PROBLEM DETAILS.
Your answer should be only the lines below from the one with "Part Number: Spur Gear1" to the one with "Designer: Jorge", repeated exactly, ends included.

EXERCISE DATA Start Marker

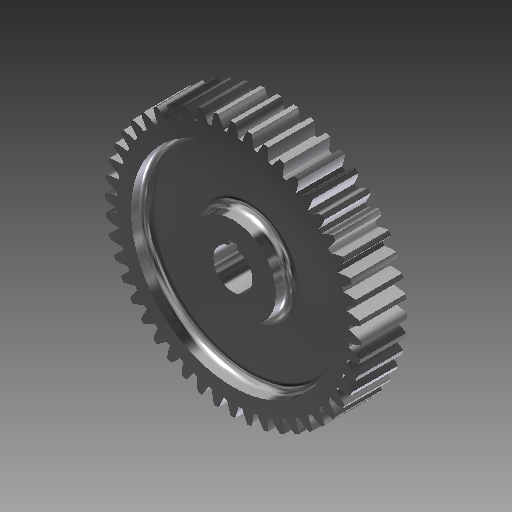
# Autodesk Inventor part: Spur Gear1
Saved by Autodesk Inventor 2020 (Build 240168000, 168)
## iProperties
CustomPartVersion: 1
Created: 2016-04-28
Part Number: Spur Gear1
Material: Steel, Cast
Document SubType Name: Modeling
Designer: Jorge
Categories: <?xml version="1.0" encoding="UTF-16"?> <MemberInstance><Categories><FamilyTemplate><FamilyTemplateParameter ValueType="xs:double" Id="1" ObjectReferenceKey="da_z" ObjectType="kUserParameterObject"/><FamilyTemplateParameter ValueType="xs:double" Id="2" ObjectReferenceKey="da_b" ObjectType="kUserParameterObject"/><FamilyTemplateParameter ValueType="xs:double" Id="3" ObjectReferenceKey="da_beta" ObjectType="kUserParameterObject"/><FamilyTemplateParameter ValueType="xs:double" Id="4" ObjectReferenceKey="da_da" ObjectType="kUserParameterObject"/><FamilyTemplateParameter ValueType="xs:double" Id="5" ObjectReferenceKey="da_aw" ObjectType="kUserParameterObject"/><FamilyTemplateParameter ValueType="xs:string" Id="6" ObjectReferenceKey="EAIAABAAAAC/AAAAAAAAAIAAAAAAAAAA" ObjectType="83910656" SubObjectId="SurfaceGeometry"/></FamilyTemplate><ParamToTemplateMap><ParamToTemplate CategoryParameter="//CategoryParameter[@InternalName='046C89C9-8512-4d59-83FE-43B91F4F132A']" TemplateParameter="1"/><ParamToTemplate CategoryParameter="//CategoryParameter[@InternalName='2552DF32-E462-4b46-AEBF-C6C7768E72AC']" TemplateParameter="2"/><ParamToTemplate CategoryParameter="//CategoryParameter[@InternalName='C9EE641D-15FC-4fae-A226-E94C4372FDD7']" TemplateParameter="3"/><ParamToTemplate><ParamToTemplate CategoryParameter="//CategoryParameter[@InternalName='00B6519A-459B-49c7-AD84-2E56D39A5744']" ConstantValue="-0.500000"/></ParamToTemplate><ParamToTemplate><ParamToTemplate CategoryParameter="//CategoryParameter[@InternalName='04B31F0E-C7A6-4894-AA32-9629BEFACF47']" ConstantValue="1.000000"/></ParamToTemplate><ParamToTemplate><ParamToTemplate CategoryParameter="//CategoryParameter[@InternalName='43CBEC2E-7847-49e7-A936-2F7889FCB2D9']" ConstantValue="0.250000"/></ParamToTemplate><ParamToTemplate><ParamToTemplate CategoryParameter="//CategoryParameter[@InternalName='B1EFC894-105D-4ebd-86BF-FA20ED196853']" ConstantValue="0.333500"/></ParamToTemplate><ParamToTemplate><ParamToTemplate CategoryParameter="//CategoryParameter[@InternalName='51175063-3D10-4879-93E8-6246FE8B403D']" ConstantValue="2061532430.657340"/></ParamToTemplate><ParamToTemplate><ParamToTemplate CategoryParameter="//CategoryParameter[@InternalName='A3A52E27-4454-46a9-B0BD-C932399B70AF']" ConstantValue="0.300000"/></ParamToTemplate><ParamToTemplate><ParamToTemplate CategoryParameter="//CategoryParameter[@InternalName='91B76062-C214-41d9-B1B9-14D2AB99603D']" ConstantValue="0.211667"/></ParamToTemplate><ParamToTemplate><ParamToTemplate CategoryParameter="//CategoryParameter[@InternalName='374E806E-8B8A-4dda-A9AA-1039D6500AD2']" ConstantValue="4.724409"/></ParamToTemplate><ParamToTemplate><ParamToTemplate CategoryParameter="//CategoryParameter[@InternalName='2D373A89-B862-43d6-8D0B-0CBF12AB9F6C']" ConstantValue="0.253073"/></ParamToTemplate><ParamToTemplate CategoryParameter="//CategoryParameter[@InternalName='37777632-D6A2-4fac-9D53-DB8ACD95C989']" TemplateParameter="4"/><ParamToTemplate CategoryParameter="//CategoryParameter[@InternalName='FD1017F1-B727-4f7e-9707-0F86F1FF9423']" TemplateParameter="5"/><ParamToTemplate><ParamToTemplate CategoryParameter="//CategoryParameter[@InternalName='9E1B4470-B2D3-4ff1-B813-535BB4CDF51A']" ConstantValue="3523220.976809"/></ParamToTemplate><ParamToTemplate><ParamToTemplate CategoryParameter="//CategoryParameter[@InternalName='F8452263-BFF6-458c-9FB1-07C4B99E95CD']" ConstantValue="11397033.805607"/></ParamToTemplate><ParamToTemplate><ParamToTemplate CategoryParameter="//CategoryParameter[@InternalName='3E3BB259-FD49-497f-8171-6EBC954A3479']" ConstantValue="2.000000"/></ParamToTemplate><ParamToTemplate CategoryParameter="//CategoryParameter[@InternalName='27C3BAF2-7550-4e4b-AE2C-0DB134B7D9B7']" TemplateParameter="6"/></ParamToTemplateMap><Category DisplayName="Gear" InternalName="DC85795E-93AB-48d5-8EEE-5A27447B64BD" Mnemonic="Gear"><CategoryParameter DisplayName="z" InternalName="046C89C9-8512-4d59-83FE-43B91F4F132A" Mnemonic="z"/><CategoryParameter DisplayName="b" InternalName="2552DF32-E462-4b46-AEBF-C6C7768E72AC" Mnemonic="b"/><CategoryParameter DisplayName="||b|" InternalName="C9EE641D-15FC-4fae-A226-E94C4372FDD7" Mnemonic="beta"/><CategoryParameter DisplayName="x" InternalName="00B6519A-459B-49c7-AD84-2E56D39A5744" Mnemonic="x"/><CategoryParameter DisplayName="a*" InternalName="04B31F0E-C7A6-4894-AA32-9629BEFACF47" Mnemonic="a"/><CategoryParameter DisplayName="c*" InternalName="43CBEC2E-7847-49e7-A936-2F7889FCB2D9" Mnemonic="c"/><CategoryParameter DisplayName="r|.f|*" InternalName="B1EFC894-105D-4ebd-86BF-FA20ED196853" Mnemonic="rf"/><CategoryParameter DisplayName="E" InternalName="51175063-3D10-4879-93E8-6246FE8B403D" Mnemonic="E"/><CategoryParameter DisplayName="||m|" InternalName="A3A52E27-4454-46a9-B0BD-C932399B70AF" Mnemonic="mi"/><Category DisplayName="SpurGear" InternalName="26C5A22E-A91E-4dfd-A3B3-23CCAFAE1764" Mnemonic="SpurGear"><CategoryParameter DisplayName="m" InternalName="91B76062-C214-41d9-B1B9-14D2AB99603D" Mnemonic="m"/><CategoryParameter DisplayName="P" InternalName="374E806E-8B8A-4dda-A9AA-1039D6500AD2" Mnemonic="PP"/><CategoryParameter DisplayName="||a|" InternalName="2D373A89-B862-43d6-8D0B-0CBF12AB9F6C" Mnemonic="alpha"/><CategoryParameter DisplayName="d|.a|" InternalName="37777632-D6A2-4fac-9D53-DB8ACD95C989" Mnemonic="da"/><CategoryParameter DisplayName="a|.w|" InternalName="FD1017F1-B727-4f7e-9707-0F86F1FF9423" Mnemonic="aw"/><CategoryParameter DisplayName="||s||.Flim|" InternalName="9E1B4470-B2D3-4ff1-B813-535BB4CDF51A" Mnemonic="sFlim"/><CategoryParameter DisplayName="||s||.Hlim|" InternalName="F8452263-BFF6-458c-9FB1-07C4B99E95CD" Mnemonic="sHlim"/><CategoryParameter DisplayName="type" InternalName="3E3BB259-FD49-497f-8171-6EBC954A3479" Mnemonic="type"/><CategoryParameter DisplayName="PitchDiameter" InternalName="27C3BAF2-7550-4e4b-AE2C-0DB134B7D9B7" Mnemonic="IDS_PITCHDIAM"/></Category></Category></Categories></MemberInstance>
Density: 7.85 g/cm^3
Appearance: Semi-Polished
Mass: 685.005 g
Surface Area: 317.398 cm^2
Volume: 87.2617 cm^3
Author: Jorge
Autodesk Inventor part; units mm, degrees
sketch "Sketch1" plane through (0, 0, 0) normal (0, 0, 1) x (1, 0, 0)
  circle A0 centre (0, 0) radius 51.8534
  dimension "d0" = 103.7068
  constraints: 1 centre point
  measures "d0" diameter of A0
extrude "Extrusion1" add sketch "Sketch1" along normal blind 18.796
sketch "Sketch2" plane through (0, 0, 0) normal (0, 0, -1) x (-1, 0, 0)
  circle A0 centre (0, 0) radius 51.8534 projected
  circle A1 centre (0, 0) radius 50.9654
  dimension "d3" = 101.9308
  constraints: 1 centre point, 1 coincident
  measures "d3" diameter of A1
surface extrude "Pitch Diameter" sketch "Sketch2" against normal through all shown no curves A1
ref_plane "Work Plane1" through (0, 0, 0) normal (1, 0, 0) x (0, 1, 0)
ref_plane "Work Plane2" through (0, 0, 0) normal (0.9978589, 0.0654031, 0) x (0, 0, 1)
ref_plane "Work Plane3" through (0, 0, 9.398) normal (0, 0, -1) x (-1, 0, 0)
spur gear teeth "Spur Gear" teeth 48 pitch diameter 101.6 tip diameter 103.7068 root diameter 94.1917 face width 18.796 start plane through (0, 0, 0) normal (0, 0, -1) x (-1, 0, 0)
ref_plane "Work Plane4" through (0, 0, 9.398) normal (0, 0, 1) x (1, 0, 0)
sketch "Sketch3" plane through (0, 0, 0) normal (1, 0, 0) x (0, 1, 0)
  line L0 (41.275, 18.796) -> (17.4625, 18.796)
  line L1 (17.4625, 18.796) -> (17.4625, 15.621)
  line L2 (20.6375, 12.446) -> (38.1, 12.446)
  line L3 (41.275, 15.621) -> (41.275, 18.796)
  line L4 (0, -9.2156) -> (0, 55.2938) projected
  line L5 (12.5993, 18.796) -> (9.9425, 18.796) projected
  arc A0 (38.1, 12.446) -> (41.275, 15.621) centre (38.1, 15.621) ccw
  arc A1 (17.4625, 15.621) -> (20.6375, 12.446) centre (20.6375, 15.621) ccw
  line L6 (-72.5948, 9.398) -> (72.5948, 9.398) construction
  line L7 (41.275, 0) -> (17.4625, 0)
  line L8 (17.4625, 0) -> (17.4625, 3.175)
  line L9 (20.6375, 6.35) -> (38.1, 6.35)
  line L10 (41.275, 3.175) -> (41.275, 0)
  arc A2 (41.275, 3.175) -> (38.1, 6.35) centre (38.1, 3.175) ccw
  arc A3 (20.6375, 6.35) -> (17.4625, 3.175) centre (20.6375, 3.175) ccw
  point P0 (0, 0)
  dimension "d20" = 82.55
  dimension "d21" = 34.925
  dimension "d22" = 0
  dimension "d23" = 6.35
  dimension "d24" = 3.175
  constraints: 16 end point, 8 point on circle, 8 symmetric about line, 4 centre point, 4 tangent, 2 parallel, 1 equal radius, 1 horizontal, 1 perpendicular, 2 other
  measures "d20" diameter of L3 L4
  measures "d21" diameter of L1 L4
  measures "d22" distance between parallel lines of L5 L0
  measures "d23" distance between parallel lines of L2 L0
  measures "d24" radius of A0
revolve "Revolution1" cut sketch "Sketch3" angle 360 about axis through (0, 0, 0) along (0, 0, 1)
hole "Hole1" at (0, 0, 18.796) direction (0, 0, -1) diameter 15.8623 end through all
sketch "Sketch4" plane through (0, 0, 18.796) normal (0, 0, 1) x (1, 0, 0)
  line L0 (-1.5875, 6.3437) -> (1.5875, 6.3437)
  line L1 (1.5875, 6.3437) -> (1.5875, 9.5187)
  line L2 (1.5875, 9.5187) -> (-1.5875, 9.5187)
  line L3 (-1.5875, 9.5187) -> (-1.5875, 6.3437)
  circle A0 centre (0, 0) radius 7.9312 construction
  line L4 (0, 72.5948) -> (0, -72.5948) construction
  line L5 (-4.4972, 7.9312) -> (3.3185, 7.9312) construction
  dimension "d35" = 3.175
  dimension "d36" = 1.5875
  dimension "d37" = 1.5875
  dimension "d38" = 3.175
  constraints: 10 end point, 2 horizontal, 2 parallel, 1 perpendicular, 1 tangent
  measures "d35" distance between parallel lines of L1 L3
  measures "d36" distance between parallel lines of L4 L1
  measures "d37" distance between parallel lines of L2 L5
  measures "d38" distance between parallel lines of L2 L0
extrude "Extrusion2" cut sketch "Sketch4" against normal through all
equation "\"d0\" = da_da"
equation "\"d1\" = da_b"
equation "\"d3\" = da_dw"
equation "\"d36\" = 0.5 * d35"
equation "\"d38\" = 2 * d37"
equation "\"d15\" = da_aw"
equation "\"d19\" = da_aw"
equation "\"da_da\" = 103.706793"
equation "\"da_b\" = 18.796"
equation "\"da_dw\" = 101.930768"
equation "\"da_aw\" = 63.70673"
body "Solid1"
body "Srf1"

EXERCISE DATA End Marker

SOLUTION FOR THIS TASK.
Part Number: Spur Gear1
Material: Steel, Cast
Document SubType Name: Modeling
Designer: Jorge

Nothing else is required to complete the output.